*** Opening of Dataset records ***
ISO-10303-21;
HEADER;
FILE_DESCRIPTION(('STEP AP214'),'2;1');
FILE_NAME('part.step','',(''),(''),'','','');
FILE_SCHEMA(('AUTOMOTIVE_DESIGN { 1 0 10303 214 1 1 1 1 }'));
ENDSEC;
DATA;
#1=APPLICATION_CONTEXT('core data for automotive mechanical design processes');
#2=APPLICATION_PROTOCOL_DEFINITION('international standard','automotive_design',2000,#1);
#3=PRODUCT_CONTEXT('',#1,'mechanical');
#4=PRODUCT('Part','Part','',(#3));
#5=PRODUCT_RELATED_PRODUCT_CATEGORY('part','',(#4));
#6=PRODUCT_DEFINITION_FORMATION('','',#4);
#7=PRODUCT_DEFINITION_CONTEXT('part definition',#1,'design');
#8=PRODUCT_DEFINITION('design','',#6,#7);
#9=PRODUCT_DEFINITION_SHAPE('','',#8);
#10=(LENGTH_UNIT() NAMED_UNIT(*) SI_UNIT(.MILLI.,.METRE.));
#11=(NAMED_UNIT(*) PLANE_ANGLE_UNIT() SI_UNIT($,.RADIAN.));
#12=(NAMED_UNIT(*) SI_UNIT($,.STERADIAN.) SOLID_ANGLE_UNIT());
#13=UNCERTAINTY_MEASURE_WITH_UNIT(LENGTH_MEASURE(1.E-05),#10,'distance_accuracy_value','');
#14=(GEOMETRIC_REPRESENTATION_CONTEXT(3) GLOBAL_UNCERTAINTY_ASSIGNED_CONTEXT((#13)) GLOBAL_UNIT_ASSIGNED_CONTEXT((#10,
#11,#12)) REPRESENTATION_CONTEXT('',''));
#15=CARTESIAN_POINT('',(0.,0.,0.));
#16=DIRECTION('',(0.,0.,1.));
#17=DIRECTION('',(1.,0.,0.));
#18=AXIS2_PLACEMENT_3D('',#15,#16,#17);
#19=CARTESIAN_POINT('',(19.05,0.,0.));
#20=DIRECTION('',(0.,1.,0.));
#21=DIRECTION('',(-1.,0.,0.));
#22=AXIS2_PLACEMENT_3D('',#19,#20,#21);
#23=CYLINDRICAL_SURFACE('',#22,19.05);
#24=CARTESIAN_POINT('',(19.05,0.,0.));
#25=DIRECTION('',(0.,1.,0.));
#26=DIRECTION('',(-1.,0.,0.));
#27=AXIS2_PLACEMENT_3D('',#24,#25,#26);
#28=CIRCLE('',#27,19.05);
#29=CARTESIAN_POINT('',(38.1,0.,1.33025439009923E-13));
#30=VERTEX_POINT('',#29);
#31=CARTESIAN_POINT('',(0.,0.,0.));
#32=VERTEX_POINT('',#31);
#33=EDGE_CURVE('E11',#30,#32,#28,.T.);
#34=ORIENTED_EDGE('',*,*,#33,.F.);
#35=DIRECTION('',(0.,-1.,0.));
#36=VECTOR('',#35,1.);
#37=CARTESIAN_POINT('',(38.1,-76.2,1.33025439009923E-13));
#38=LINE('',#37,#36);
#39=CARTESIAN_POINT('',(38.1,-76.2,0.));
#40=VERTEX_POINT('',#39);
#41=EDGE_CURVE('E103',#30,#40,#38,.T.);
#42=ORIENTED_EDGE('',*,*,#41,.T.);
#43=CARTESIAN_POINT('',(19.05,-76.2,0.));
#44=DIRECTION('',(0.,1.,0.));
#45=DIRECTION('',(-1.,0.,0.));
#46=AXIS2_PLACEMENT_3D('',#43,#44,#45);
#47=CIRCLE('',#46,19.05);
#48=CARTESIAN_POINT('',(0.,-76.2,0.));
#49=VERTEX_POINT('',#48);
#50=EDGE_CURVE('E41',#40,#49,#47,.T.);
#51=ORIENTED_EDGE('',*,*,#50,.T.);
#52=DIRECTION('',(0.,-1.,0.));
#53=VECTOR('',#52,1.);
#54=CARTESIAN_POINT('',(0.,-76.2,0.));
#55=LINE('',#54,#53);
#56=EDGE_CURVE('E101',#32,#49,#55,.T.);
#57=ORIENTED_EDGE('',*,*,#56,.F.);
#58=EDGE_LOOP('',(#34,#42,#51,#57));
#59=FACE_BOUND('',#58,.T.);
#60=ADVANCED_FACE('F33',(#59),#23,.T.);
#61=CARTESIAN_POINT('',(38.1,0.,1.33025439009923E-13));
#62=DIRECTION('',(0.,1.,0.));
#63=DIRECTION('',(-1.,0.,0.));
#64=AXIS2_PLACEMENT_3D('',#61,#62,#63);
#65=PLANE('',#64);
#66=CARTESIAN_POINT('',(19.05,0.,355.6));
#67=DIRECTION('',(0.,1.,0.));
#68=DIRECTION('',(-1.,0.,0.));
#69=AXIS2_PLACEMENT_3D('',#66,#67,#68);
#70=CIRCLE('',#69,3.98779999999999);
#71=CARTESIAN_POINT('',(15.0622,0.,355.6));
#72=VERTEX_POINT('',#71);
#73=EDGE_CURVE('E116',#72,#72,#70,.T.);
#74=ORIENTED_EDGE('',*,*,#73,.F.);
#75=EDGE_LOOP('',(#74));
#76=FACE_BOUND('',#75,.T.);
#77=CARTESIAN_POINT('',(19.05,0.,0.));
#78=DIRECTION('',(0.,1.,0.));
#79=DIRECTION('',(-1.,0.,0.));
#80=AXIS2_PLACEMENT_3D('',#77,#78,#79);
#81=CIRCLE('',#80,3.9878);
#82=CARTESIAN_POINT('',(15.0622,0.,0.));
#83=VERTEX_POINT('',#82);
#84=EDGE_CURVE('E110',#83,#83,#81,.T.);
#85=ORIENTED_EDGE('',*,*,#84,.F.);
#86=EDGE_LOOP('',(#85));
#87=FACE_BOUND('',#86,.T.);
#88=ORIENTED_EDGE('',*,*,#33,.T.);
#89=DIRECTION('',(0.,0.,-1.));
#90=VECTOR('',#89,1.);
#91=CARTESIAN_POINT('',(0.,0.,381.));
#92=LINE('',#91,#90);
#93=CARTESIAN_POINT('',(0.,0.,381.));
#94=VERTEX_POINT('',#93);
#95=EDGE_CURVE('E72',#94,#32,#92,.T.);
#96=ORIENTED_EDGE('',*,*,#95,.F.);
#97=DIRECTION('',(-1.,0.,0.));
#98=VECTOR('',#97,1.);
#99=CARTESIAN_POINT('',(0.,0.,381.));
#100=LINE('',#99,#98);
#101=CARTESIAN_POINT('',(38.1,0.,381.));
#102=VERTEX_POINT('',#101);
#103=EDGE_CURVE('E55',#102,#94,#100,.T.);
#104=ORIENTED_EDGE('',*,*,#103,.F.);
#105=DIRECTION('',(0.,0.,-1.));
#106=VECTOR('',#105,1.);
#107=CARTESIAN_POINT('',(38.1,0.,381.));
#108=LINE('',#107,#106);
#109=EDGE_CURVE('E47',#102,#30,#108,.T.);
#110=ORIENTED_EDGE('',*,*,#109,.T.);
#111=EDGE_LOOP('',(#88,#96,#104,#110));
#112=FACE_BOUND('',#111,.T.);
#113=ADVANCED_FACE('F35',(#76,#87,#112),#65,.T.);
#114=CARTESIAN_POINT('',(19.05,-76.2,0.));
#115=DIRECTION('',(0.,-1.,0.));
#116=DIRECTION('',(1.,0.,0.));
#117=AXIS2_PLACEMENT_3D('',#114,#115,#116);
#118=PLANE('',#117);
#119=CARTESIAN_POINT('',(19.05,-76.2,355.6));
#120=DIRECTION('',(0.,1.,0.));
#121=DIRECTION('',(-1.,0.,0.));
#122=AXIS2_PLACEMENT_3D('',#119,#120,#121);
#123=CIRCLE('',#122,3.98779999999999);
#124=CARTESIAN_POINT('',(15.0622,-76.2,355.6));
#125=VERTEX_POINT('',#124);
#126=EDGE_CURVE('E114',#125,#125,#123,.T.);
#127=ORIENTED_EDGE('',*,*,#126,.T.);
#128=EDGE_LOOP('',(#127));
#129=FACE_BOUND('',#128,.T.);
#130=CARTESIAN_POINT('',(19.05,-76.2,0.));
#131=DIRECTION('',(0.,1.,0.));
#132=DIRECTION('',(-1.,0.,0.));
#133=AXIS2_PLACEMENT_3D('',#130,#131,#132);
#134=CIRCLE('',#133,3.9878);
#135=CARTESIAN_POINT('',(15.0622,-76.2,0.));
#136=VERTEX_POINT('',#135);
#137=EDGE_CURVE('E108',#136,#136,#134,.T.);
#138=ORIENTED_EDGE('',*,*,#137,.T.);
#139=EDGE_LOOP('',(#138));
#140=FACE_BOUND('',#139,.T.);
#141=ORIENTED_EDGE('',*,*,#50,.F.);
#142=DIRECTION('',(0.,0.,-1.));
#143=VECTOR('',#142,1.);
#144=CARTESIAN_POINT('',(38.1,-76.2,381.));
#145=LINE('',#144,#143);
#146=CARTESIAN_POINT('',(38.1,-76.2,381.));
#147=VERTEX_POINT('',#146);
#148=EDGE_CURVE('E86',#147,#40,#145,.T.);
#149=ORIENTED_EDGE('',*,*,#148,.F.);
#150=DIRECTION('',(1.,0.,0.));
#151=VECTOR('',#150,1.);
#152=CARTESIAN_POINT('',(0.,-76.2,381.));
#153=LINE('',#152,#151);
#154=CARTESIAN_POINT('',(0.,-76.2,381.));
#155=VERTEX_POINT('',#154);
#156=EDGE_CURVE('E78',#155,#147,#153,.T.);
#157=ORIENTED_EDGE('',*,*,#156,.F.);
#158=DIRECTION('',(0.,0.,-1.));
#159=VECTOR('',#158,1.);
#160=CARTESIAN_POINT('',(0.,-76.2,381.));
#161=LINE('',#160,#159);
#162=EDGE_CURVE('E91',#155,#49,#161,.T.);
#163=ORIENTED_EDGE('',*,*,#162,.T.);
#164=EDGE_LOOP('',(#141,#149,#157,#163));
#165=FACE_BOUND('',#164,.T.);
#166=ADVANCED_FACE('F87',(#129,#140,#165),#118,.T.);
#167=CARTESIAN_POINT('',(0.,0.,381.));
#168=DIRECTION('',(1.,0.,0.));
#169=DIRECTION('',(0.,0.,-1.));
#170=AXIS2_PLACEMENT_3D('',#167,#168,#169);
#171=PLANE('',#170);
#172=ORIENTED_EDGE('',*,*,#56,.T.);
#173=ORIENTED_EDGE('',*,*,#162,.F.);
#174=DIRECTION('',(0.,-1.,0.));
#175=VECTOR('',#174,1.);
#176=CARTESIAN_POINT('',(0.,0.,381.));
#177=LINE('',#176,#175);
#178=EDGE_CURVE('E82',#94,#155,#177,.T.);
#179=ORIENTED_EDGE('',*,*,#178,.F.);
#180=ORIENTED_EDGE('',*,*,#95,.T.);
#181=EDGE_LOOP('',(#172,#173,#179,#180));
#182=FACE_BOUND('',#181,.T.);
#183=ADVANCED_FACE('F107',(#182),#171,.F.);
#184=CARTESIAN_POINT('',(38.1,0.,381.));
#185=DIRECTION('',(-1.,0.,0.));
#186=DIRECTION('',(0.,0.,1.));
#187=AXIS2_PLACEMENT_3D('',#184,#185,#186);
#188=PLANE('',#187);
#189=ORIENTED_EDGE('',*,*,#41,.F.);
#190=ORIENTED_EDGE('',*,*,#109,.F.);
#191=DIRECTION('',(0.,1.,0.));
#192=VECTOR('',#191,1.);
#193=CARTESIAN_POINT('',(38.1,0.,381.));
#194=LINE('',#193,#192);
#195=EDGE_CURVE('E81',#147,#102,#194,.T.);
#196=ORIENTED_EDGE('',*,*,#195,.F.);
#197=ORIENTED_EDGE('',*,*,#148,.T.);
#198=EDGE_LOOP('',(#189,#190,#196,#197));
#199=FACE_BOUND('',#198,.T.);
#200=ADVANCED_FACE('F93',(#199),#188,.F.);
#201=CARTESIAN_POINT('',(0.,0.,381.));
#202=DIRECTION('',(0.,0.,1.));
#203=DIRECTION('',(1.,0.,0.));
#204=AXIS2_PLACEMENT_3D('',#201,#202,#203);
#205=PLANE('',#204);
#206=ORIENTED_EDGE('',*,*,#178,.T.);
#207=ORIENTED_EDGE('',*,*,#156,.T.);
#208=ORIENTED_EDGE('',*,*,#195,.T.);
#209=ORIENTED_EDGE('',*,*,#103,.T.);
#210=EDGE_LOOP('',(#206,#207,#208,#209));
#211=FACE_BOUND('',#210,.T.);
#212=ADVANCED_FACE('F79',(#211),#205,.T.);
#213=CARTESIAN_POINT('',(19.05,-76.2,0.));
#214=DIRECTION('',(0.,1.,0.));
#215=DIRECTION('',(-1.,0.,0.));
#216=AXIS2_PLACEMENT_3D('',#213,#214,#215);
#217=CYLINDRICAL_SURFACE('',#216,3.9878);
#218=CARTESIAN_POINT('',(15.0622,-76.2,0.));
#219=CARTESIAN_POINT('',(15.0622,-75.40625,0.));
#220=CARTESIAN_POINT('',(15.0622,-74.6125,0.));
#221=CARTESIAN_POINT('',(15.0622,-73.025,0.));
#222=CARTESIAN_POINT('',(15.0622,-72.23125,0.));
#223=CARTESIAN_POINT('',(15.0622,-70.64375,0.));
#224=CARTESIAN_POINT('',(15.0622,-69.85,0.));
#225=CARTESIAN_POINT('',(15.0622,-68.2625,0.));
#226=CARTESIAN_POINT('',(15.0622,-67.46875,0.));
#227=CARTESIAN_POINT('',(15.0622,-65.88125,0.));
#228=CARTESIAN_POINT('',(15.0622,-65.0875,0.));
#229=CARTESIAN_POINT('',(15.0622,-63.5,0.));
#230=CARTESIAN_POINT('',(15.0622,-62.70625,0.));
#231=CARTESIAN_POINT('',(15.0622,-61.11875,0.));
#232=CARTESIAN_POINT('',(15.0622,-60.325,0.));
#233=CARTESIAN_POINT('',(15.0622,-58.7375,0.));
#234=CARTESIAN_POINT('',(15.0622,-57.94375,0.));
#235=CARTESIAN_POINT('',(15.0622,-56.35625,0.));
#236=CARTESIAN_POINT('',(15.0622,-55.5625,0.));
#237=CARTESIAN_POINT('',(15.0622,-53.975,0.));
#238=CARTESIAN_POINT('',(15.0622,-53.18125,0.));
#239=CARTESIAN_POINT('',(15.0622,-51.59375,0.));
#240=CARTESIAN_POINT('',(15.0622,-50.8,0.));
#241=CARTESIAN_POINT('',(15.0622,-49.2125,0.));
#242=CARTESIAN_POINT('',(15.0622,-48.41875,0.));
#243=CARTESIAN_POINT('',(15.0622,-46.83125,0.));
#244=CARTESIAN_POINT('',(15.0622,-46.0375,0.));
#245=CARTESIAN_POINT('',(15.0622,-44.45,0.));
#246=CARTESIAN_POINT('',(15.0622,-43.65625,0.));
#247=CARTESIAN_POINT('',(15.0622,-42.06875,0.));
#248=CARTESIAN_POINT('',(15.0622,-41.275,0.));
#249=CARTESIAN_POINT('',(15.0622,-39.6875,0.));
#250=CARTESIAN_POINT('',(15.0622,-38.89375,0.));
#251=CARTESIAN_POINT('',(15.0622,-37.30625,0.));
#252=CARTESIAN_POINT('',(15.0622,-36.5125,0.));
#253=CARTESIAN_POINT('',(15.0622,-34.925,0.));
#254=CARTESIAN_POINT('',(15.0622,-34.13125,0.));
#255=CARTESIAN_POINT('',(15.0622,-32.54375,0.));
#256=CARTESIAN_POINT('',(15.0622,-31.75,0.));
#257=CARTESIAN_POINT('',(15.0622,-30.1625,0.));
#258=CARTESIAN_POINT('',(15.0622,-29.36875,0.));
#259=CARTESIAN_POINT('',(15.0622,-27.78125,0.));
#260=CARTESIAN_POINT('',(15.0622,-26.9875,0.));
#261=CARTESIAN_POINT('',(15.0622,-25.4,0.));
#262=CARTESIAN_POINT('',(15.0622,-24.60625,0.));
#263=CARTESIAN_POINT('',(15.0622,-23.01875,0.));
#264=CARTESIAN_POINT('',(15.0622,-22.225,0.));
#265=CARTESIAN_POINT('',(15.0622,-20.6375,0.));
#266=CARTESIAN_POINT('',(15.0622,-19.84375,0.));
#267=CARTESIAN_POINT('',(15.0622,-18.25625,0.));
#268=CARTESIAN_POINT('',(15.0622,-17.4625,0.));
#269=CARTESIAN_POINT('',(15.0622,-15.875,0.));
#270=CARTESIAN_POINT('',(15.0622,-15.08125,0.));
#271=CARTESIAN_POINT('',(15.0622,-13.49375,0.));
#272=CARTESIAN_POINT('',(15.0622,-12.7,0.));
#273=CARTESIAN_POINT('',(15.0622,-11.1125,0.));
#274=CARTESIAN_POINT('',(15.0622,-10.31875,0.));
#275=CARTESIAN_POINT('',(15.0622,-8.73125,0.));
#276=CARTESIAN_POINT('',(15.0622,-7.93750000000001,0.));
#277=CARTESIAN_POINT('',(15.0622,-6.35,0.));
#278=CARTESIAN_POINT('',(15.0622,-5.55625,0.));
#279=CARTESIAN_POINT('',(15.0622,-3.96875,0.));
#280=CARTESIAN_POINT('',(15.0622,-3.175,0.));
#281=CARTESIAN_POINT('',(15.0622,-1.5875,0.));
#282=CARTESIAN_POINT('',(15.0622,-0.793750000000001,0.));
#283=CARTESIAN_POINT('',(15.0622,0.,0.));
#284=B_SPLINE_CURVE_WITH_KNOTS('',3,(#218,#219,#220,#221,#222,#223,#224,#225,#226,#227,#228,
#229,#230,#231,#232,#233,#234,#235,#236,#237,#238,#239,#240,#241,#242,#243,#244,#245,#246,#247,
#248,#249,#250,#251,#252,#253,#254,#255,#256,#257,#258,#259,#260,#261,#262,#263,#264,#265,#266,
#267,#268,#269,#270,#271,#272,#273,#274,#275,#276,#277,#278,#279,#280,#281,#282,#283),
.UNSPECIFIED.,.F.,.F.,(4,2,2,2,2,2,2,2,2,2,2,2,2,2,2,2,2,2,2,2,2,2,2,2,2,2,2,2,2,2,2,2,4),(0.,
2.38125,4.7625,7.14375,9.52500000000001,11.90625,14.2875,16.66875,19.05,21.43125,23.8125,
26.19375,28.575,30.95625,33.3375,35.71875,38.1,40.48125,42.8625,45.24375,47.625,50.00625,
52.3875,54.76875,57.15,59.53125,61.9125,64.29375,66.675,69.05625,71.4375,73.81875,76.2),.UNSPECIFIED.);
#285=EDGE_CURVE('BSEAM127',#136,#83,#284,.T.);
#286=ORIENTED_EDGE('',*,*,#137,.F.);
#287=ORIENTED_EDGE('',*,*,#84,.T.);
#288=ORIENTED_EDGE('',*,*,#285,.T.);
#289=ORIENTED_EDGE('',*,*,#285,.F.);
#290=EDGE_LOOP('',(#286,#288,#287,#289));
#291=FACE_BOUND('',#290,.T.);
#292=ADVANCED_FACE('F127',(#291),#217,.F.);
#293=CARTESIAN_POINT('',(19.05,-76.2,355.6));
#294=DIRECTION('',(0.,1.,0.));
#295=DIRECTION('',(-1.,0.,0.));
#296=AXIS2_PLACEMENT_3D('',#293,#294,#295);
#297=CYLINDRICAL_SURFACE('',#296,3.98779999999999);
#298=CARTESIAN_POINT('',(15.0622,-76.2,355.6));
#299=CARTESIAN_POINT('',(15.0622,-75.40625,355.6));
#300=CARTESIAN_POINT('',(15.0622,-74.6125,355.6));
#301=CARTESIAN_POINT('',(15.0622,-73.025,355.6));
*** Close of Dataset records ***
- **Task to complete**
Only the lines above from the one with "#118=PLANE('',#117);" through the one with "#155=VERTEX_POINT('',#154);" should be duplicated, character for character.

- **Exercise answer**
#118=PLANE('',#117);
#119=CARTESIAN_POINT('',(19.05,-76.2,355.6));
#120=DIRECTION('',(0.,1.,0.));
#121=DIRECTION('',(-1.,0.,0.));
#122=AXIS2_PLACEMENT_3D('',#119,#120,#121);
#123=CIRCLE('',#122,3.98779999999999);
#124=CARTESIAN_POINT('',(15.0622,-76.2,355.6));
#125=VERTEX_POINT('',#124);
#126=EDGE_CURVE('E114',#125,#125,#123,.T.);
#127=ORIENTED_EDGE('',*,*,#126,.T.);
#128=EDGE_LOOP('',(#127));
#129=FACE_BOUND('',#128,.T.);
#130=CARTESIAN_POINT('',(19.05,-76.2,0.));
#131=DIRECTION('',(0.,1.,0.));
#132=DIRECTION('',(-1.,0.,0.));
#133=AXIS2_PLACEMENT_3D('',#130,#131,#132);
#134=CIRCLE('',#133,3.9878);
#135=CARTESIAN_POINT('',(15.0622,-76.2,0.));
#136=VERTEX_POINT('',#135);
#137=EDGE_CURVE('E108',#136,#136,#134,.T.);
#138=ORIENTED_EDGE('',*,*,#137,.T.);
#139=EDGE_LOOP('',(#138));
#140=FACE_BOUND('',#139,.T.);
#141=ORIENTED_EDGE('',*,*,#50,.F.);
#142=DIRECTION('',(0.,0.,-1.));
#143=VECTOR('',#142,1.);
#144=CARTESIAN_POINT('',(38.1,-76.2,381.));
#145=LINE('',#144,#143);
#146=CARTESIAN_POINT('',(38.1,-76.2,381.));
#147=VERTEX_POINT('',#146);
#148=EDGE_CURVE('E86',#147,#40,#145,.T.);
#149=ORIENTED_EDGE('',*,*,#148,.F.);
#150=DIRECTION('',(1.,0.,0.));
#151=VECTOR('',#150,1.);
#152=CARTESIAN_POINT('',(0.,-76.2,381.));
#153=LINE('',#152,#151);
#154=CARTESIAN_POINT('',(0.,-76.2,381.));
#155=VERTEX_POINT('',#154);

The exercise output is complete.